21
Mar
14

Lent (Day 15) — and the last day of Winter Reading 2014

Well, as often is the case, I underestimate the time required of stuff, and so I was unable to finish ch. 3 of Martin’s book, and unable to finish the book as well.  Well, I’ll continue to read through it until I finish, and will continue to post at allsoulo.wordpress.com through Lent.  But this will be the last link I’ll post on the Library’s site, as Winter Reading has come to an end for this year.  Be sure to get your reading logs in, if you haven’t already, get your stunning Winter Reading cup, and be entered for a Kindle Fire.  And come to one of the various parties being held throughout the library system in the next couple of weeks (check with your local Kansas City Public Library for details).  

My failure to finish this book before the end of Winter Reading I take as a good sign — it reminds me that there’s still lots of humorous stuff out there to read, that reading doesn’t stop with Winter Reading, or Summer Reading, for the kids.  It’s something we can, and should do every day.  But now on to Martin’s book.
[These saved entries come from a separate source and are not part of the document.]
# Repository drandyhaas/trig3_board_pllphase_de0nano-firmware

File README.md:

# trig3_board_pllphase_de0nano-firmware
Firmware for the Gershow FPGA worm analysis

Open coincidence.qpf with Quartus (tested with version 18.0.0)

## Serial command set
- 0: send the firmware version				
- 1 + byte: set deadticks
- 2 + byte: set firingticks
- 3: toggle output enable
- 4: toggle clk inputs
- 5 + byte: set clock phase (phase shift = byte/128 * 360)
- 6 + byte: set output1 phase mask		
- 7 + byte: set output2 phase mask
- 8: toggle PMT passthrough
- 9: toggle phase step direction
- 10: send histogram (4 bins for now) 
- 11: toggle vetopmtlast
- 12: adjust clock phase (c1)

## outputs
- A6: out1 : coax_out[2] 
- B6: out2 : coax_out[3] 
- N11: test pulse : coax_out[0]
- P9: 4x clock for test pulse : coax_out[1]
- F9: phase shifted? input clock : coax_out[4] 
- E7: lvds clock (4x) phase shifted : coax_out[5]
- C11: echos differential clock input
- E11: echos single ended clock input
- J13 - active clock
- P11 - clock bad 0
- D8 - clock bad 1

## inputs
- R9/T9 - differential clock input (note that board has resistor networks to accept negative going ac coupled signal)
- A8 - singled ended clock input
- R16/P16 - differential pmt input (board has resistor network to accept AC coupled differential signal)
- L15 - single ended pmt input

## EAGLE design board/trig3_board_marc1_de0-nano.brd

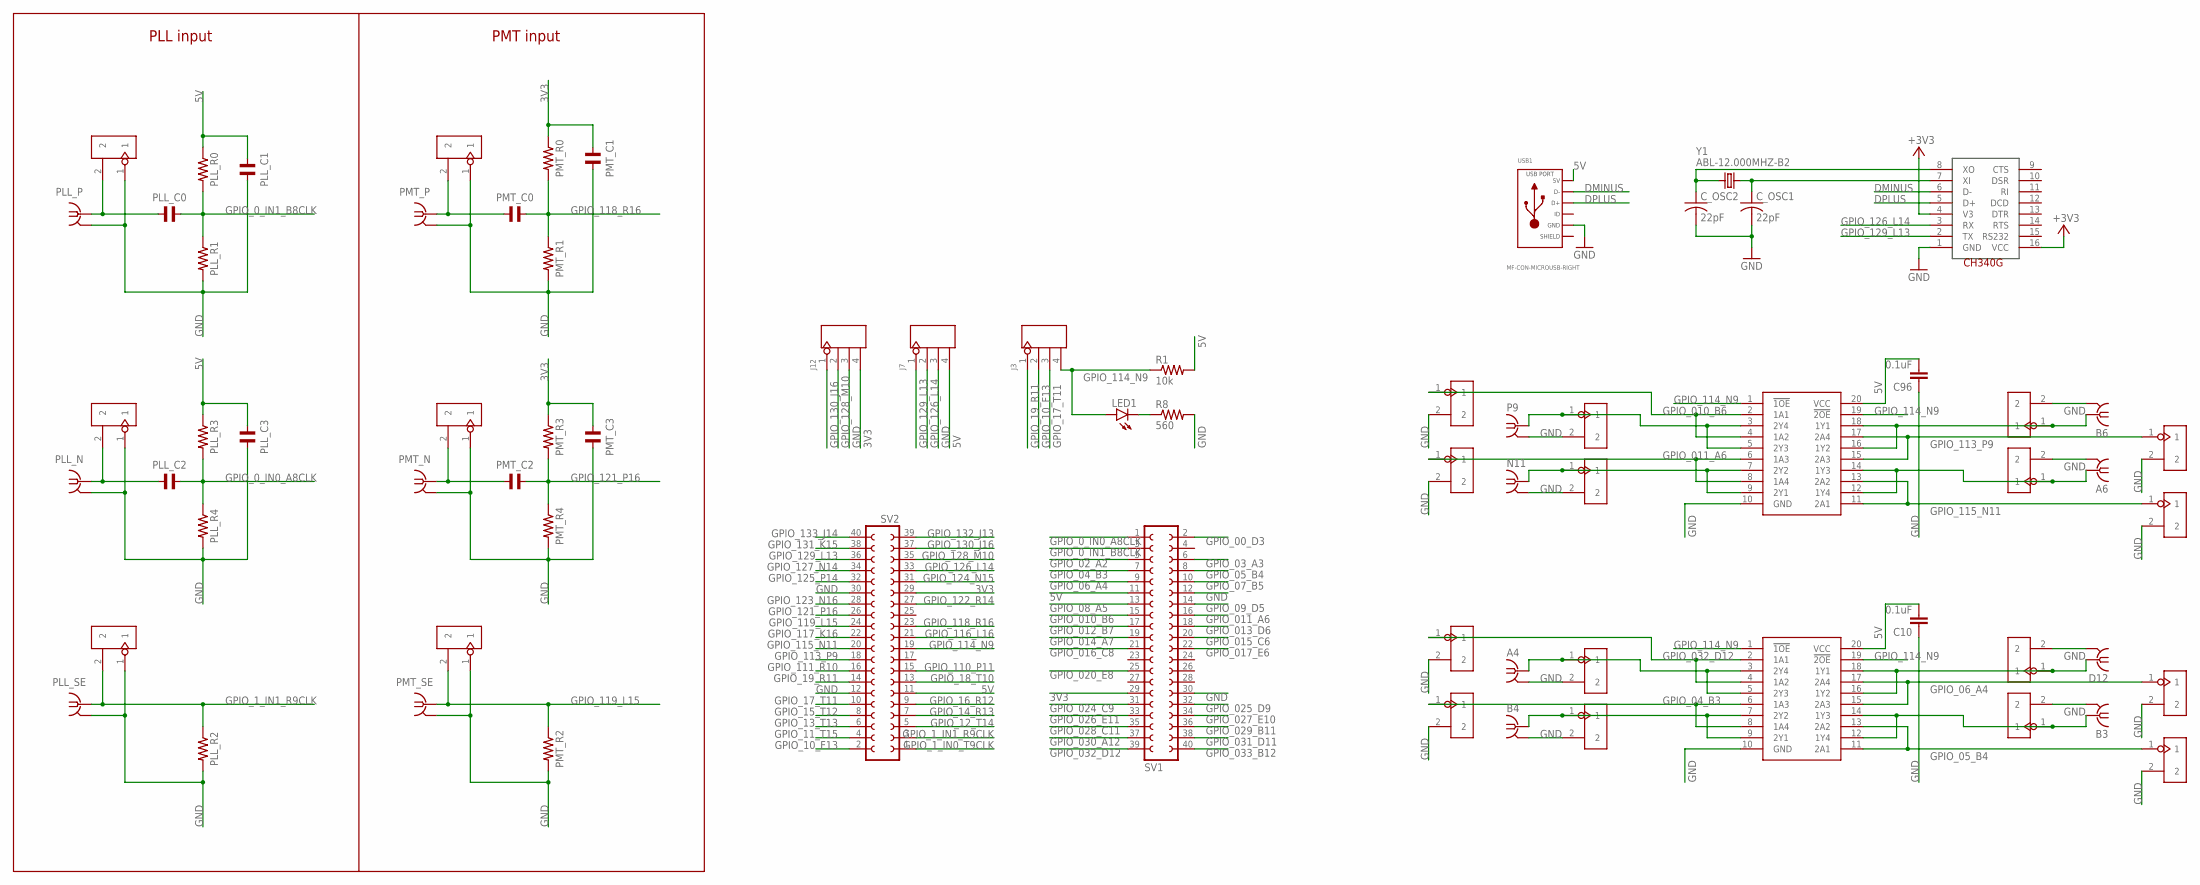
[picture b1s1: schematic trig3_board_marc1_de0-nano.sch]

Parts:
A4, A6: BU-SMB-V
B3, B4, B6: BU-SMB-V
C10, C96: 0.1uF; 0805
C_OSC1, C_OSC2: 22pF; C0603
D12: BU-SMB-V
J3, J7, J12: 4p-2.54; H4-2.54
LED1: red; CHIP-LED0805
N11: BU-SMB-V
OJ41, OJ42, OJ43, OJ44, OJ45, OJ46, OJ47, OJ48, OJ89, OJ90, OJ91, OJ92, OJ93, OJ94, OJ95, OJ96: 2p-2.54; H2-2.54
P9: BU-SMB-V
PLL_C0, PLL_C2: 1uF; C0805
PLL_C1: 0.1uF; C0805
PLL_C3: CAPACITOR_NP_0805; C0805
PLL_N: BU-SMB-V
PLL_N_J, PLL_N_J1: 2p-2.54; H2-2.54
PLL_P: BU-SMB-V
PLL_P_J: 2p-2.54; H2-2.54
PLL_R0, PLL_R1, PLL_R3, PLL_R4: RESISTOR_0805; R0805
PLL_R2: 50ohm; R0805
PLL_SE: BU-SMB-V
PMT_C0, PMT_C2: 1uF; C0805
PMT_C1: 0.1uF; C0805
PMT_C3: CAPACITOR_NP_0805; C0805
PMT_N: BU-SMB-V
PMT_N_J, PMT_N_J1: 2p-2.54; H2-2.54
PMT_P: BU-SMB-V
PMT_P_J: 2p-2.54; H2-2.54
PMT_R0, PMT_R1, PMT_R3, PMT_R4: RESISTOR_0805; R0805
PMT_R2: 50ohm; R0805
PMT_SE: BU-SMB-V
R1: 10k; R0805
R8: 560; R0805
SV1, SV2: FE20-2
U340G: CH340G; SOIC16
USB1: MF-CON-MICROUSB-RIGHT; 10118193-0001LF
VSLUE5, VSLUE11: SN74ACT244DW; SOIC127P1030X265-20N
Y1: ABL-12.000MHZ-B2; HC49US

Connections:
3V3: J12.4, PMT_C1.P$1, PMT_C3.P$1, PMT_R0.P$1, PMT_R3.P$1, SV1.29, SV2.29
5V: C10.2, C96.2, J7.4, PLL_C1.P$1, PLL_C3.P$1, PLL_R0.P$1, PLL_R3.P$1, R1.2, SV1.11, SV2.11, USB1.1 (5V), VSLUE5.20 (VCC), VSLUE11.20 (VCC)
+3V3: U340G.4 (V3), U340G.16 (VCC)
DMINUS: U340G.6 (D-), USB1.2 (D-)
DPLUS: U340G.5 (D+), USB1.3 (D+)
GND: A4.2, A4.3 (2), A4.4 (2), A4.5 (2), A6.2, A6.3 (2), A6.4 (2), A6.5 (2), B3.2, B3.3 (2), B3.4 (2), B3.5 (2), B4.2, B4.3 (2), B4.4 (2), B4.5 (2), B6.2, B6.3 (2), B6.4 (2), B6.5 (2), C10.1, C96.1, C_OSC1.2, C_OSC2.2, D12.2, D12.3 (2), D12.4 (2), D12.5 (2), J7.3, J12.3, N11.2, N11.3 (2), N11.4 (2), N11.5 (2), OJ41.2, OJ42.2, OJ43.2, OJ44.2, OJ45.2, OJ46.2, OJ47.2, OJ48.2, OJ89.2, OJ90.2, OJ91.2, OJ92.2, OJ93.2, OJ94.2, OJ95.2, OJ96.2, P9.2, P9.3 (2), P9.4 (2), P9.5 (2), PLL_C1.P$2, PLL_C3.P$2, PLL_N.2, PLL_N.3 (2), PLL_N.4 (2), PLL_N.5 (2), PLL_N_J.1, PLL_N_J1.1, PLL_P.2, PLL_P.3 (2), PLL_P.4 (2), PLL_P.5 (2), PLL_P_J.1, PLL_R1.P$2, PLL_R2.P$2, PLL_R4.P$2, PLL_SE.2, PLL_SE.3 (2), PLL_SE.4 (2), PLL_SE.5 (2), PMT_C1.P$2, PMT_C3.P$2, PMT_N.2, PMT_N.3 (2), PMT_N.4 (2), PMT_N.5 (2), PMT_N_J.1, PMT_N_J1.1, PMT_P.2, PMT_P.3 (2), PMT_P.4 (2), PMT_P.5 (2), PMT_P_J.1, PMT_R1.P$2, PMT_R2.P$2, PMT_R4.P$2, PMT_SE.2, PMT_SE.3 (2), PMT_SE.4 (2), PMT_SE.5 (2), R8.2, SV1.12, SV1.30, SV2.12, SV2.30, U340G.1 (GND), USB1.5 (GND), VSLUE5.10 (GND), VSLUE11.10 (GND)
GPIO_00_D3: SV1.2
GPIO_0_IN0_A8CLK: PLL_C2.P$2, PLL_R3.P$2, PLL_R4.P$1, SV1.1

This chapter has 11 1/2 Serious Reasons for Humor.  Here are 7 and 8.

7: Humor Welcomes — In this section, Martin talks about the story of Abraham, Sarah and Isaac.  Abraham, at an age near 100, and his wife, Sarah, around 90, did not have children of their own.  When three strangers came to their house (angels, or perhaps God in disguise with two angels), Abraham greeted them with generous hospitality.  He was told, as a reward, that his wife Sarah would have a child, at which Abraham laughed, and Sarah laughed.  When the child was born, they called him Isaac (“he laughed”) to commemorate the moment.  I’ve known this story for about 22 or so years.  My first wife was involved with someone (we were divorced at the time), and she became pregnant.  This came as quite a shock to her, and she recalled the story of Sarah and Abraham.  When a girl was born, she named the girl Sarah.  What always struck me about that story was the grace with which my ex had taken the news that she was pregnant (there was no guarantee that the guy planned on sticking around).  And the ready acceptance of her situation, and the determination to make the situation work — that really impressed me (and impresses me to this day).  It’s the acceptance of a new and frightening prospect of pregnancy alone that we see in the story of Mary.  It’s ultimately saying “yes” to life, which isn’t always easy to do.

8: Humor is healing.  In this section, Martin mentions some books, The Stress Manager’s Manual and Anatomy of an Illness, in which the authors speak of how important humor is, that it has positive physical effects — releasing endorphins into the system, and cleansing the system of the hormone cortisol.  Fighting life, or maintaining a system that is not viable, takes a lot of effort and results in a great deal of stress.  Humor, it seems, can help us get past the pain and the stress and live better lives.  

And so, as a final parting note — continue to read and laugh.  It’s good, and good for you.